Series also fixes/cleans-up few bug in present code.
There are two steps in current WM programming.
1. Calculate minimum number of blocks required for a WM level to be
enabled. For 1440x2560 panel we need 41 blocks as minimum number of
blocks to enable WM0. This is the step which doesn't use vertical size.
It only depends on Pipe drain rate and plane horizontal size as per the
current Bspec algorithm.
So all the plane below have minimum number of blocks required to enable
WM0 as 41
Plane 1 - 1440x2560 - Min blocks to enable WM0 = 41
Plane 2 - 1440x2560 - Min blocks to enable WM0 = 41
Plane 3 - 1440x48 - Min blocks to enable WM0 = 41
Plane 4 - 1440x96 - Min blocks to enable WM0 = 41
2. Number of blocks allotted by the driver
Driver allocates 12 for Plane 3 & 16 for plane 4
Total Dbuf Available = 508
Dbuf Available after 32 blocks for cursor = 508 - (32) = 476
Given the dbuf size of 508, I assume this example is for Broxton
hardware, right? In that case, you wouldn't actually be able to use the
cursor plane since Plane 4 (1440x96) is mutually exclusive with the
cursor, so there wouldn't be a need to reserve these 32 blocks. I
guess there's also the issue that the upstream driver can't actually
expose/use Plane 4 at all today.
yes, this example is for Broxton.
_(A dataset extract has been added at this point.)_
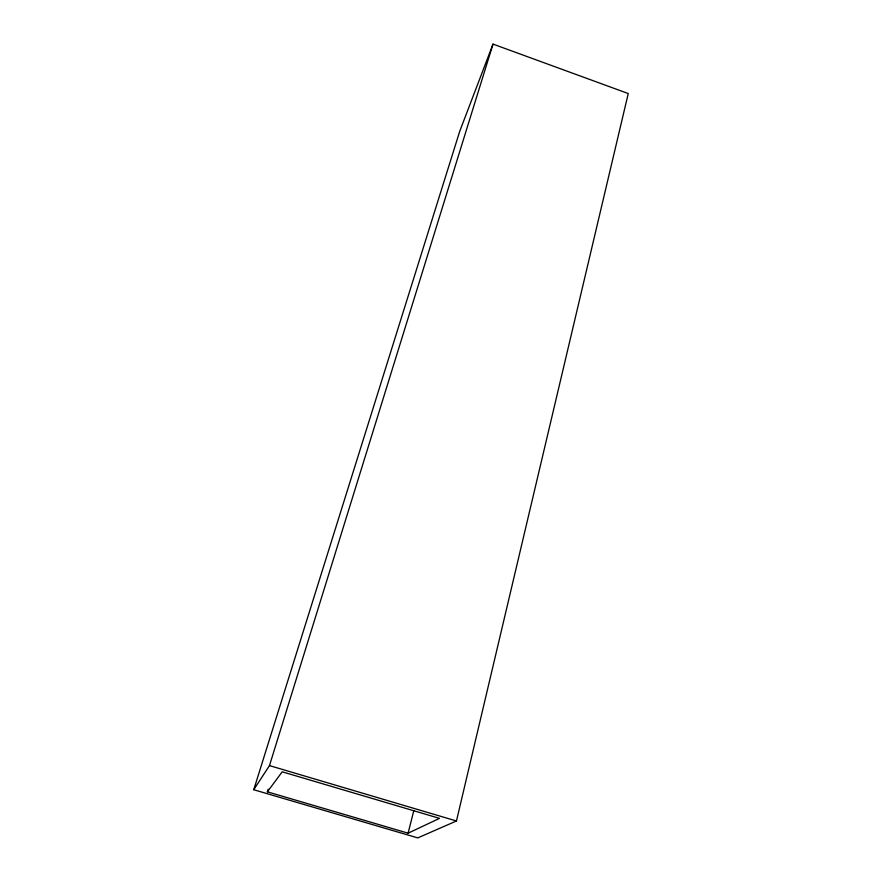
<?xml version="1.0" encoding="UTF-8"?>
<svg xmlns="http://www.w3.org/2000/svg" width="882" height="882" viewBox="0 0 882 882"><rect width="100%" height="100%" fill="white"/><g stroke="black" fill="none" stroke-linecap="round" stroke-linejoin="round"><path stroke-width="1.32" d="M456.457 820.977L628.249 93.547L493.016 44.1L459.72 131.319L253.751 789.732L417.792 837.9L456.457 820.977L269.473 765.598L253.751 789.732M268.183 789.203L267.378 791.827L408.101 833.181L413.834 810.503M269.473 765.598L493.016 44.1M267.378 791.827L282.218 771.816L439.512 818.364L408.101 833.181"/></g></svg>

During this writeup only optimization
of "not to use cursor plane instead use 4th plane" was there, but code
was still allocating DDB for cursor.
True, upstream doesn't expose 4th plane, this was as per the local
optimization for Broxton.
Regards,
-Mahesh
That said, your overall example here still gets the important points
across and is very much appreciated.
allocate minimum blocks for each plane 8 * 4 = 32
remaining blocks = 476 - 32 = 444
Relative Data Rate for Planes
Plane 1 = 1440 * 2560 * 3 = 11059200
Plane 2 = 1440 * 2560 * 3 = 11059200
Plane 3 = 1440 * 48 * 3 = 207360
Plane 4 = 1440 * 96 * 3 = 414720
Total Relative BW = 22740480
- Allocate Buffer
buffer allocation = (Plane relative data rate / total data rate)
* total remaming DDB + minimum plane DDB
Plane 1 buffer allocation = (11059200 / 22740480) * 444 + 8 = 223
Plane 2 buffer allocation = (11059200 / 22740480) * 444 + 8 = 223
Plane 3 buffer allocation = (207360 / 22740480) * 444 + 8 = 12
Plane 4 buffer allocation = (414720 / 22740480) * 444 + 8 = 16
In this case it forced driver to disable Plane 3 & 4. Driver need to use
more efficient way to allocate buffer that is optimum for power.
New Algorithm suggested by HW team is:
1. Calculate minimum buffer allocations for each plane and for each
watermark level
2. Add minimum buffer allocations required for enabling WM7
for all the planes
Level 0 = 41 + 41 + 41 + 41 = 164
Level 1 = 42 + 42 + 42 + 42 = 168
Level 2 = 42 + 42 + 42 + 42 = 168
Level 3 = 94 + 94 + 94 + 94 = 376
Level 4 = 94 + 94 + 94 + 94 = 376
Level 5 = 94 + 94 + 94 + 94 = 376
Level 6 = 94 + 94 + 94 + 94 = 376
Level 7 = 94 + 94 + 94 + 94 = 376
3. Check to see how many buffer allocation are left and enable
the best case. In this case since we have 476 blocks we can enable
WM0-7 on all 4 planes.
Let's say if we have only 200 block available then the best cases
allocation is to enable Level2 which requires 168 blocks
It's probably worth noting that the use cases that are most likely to
benefit from this are those with large differences in the height of the
'shortest' plane vs the height of the 'tallest' plane. It's the
blind proportional distribution of remaining blocks in the current
algorithm that prevents 'short' planes from reaching their minimum block
requirements for various watermark levels (and if they can't even reach
the WM0 minimum, then the plane can't be used at all).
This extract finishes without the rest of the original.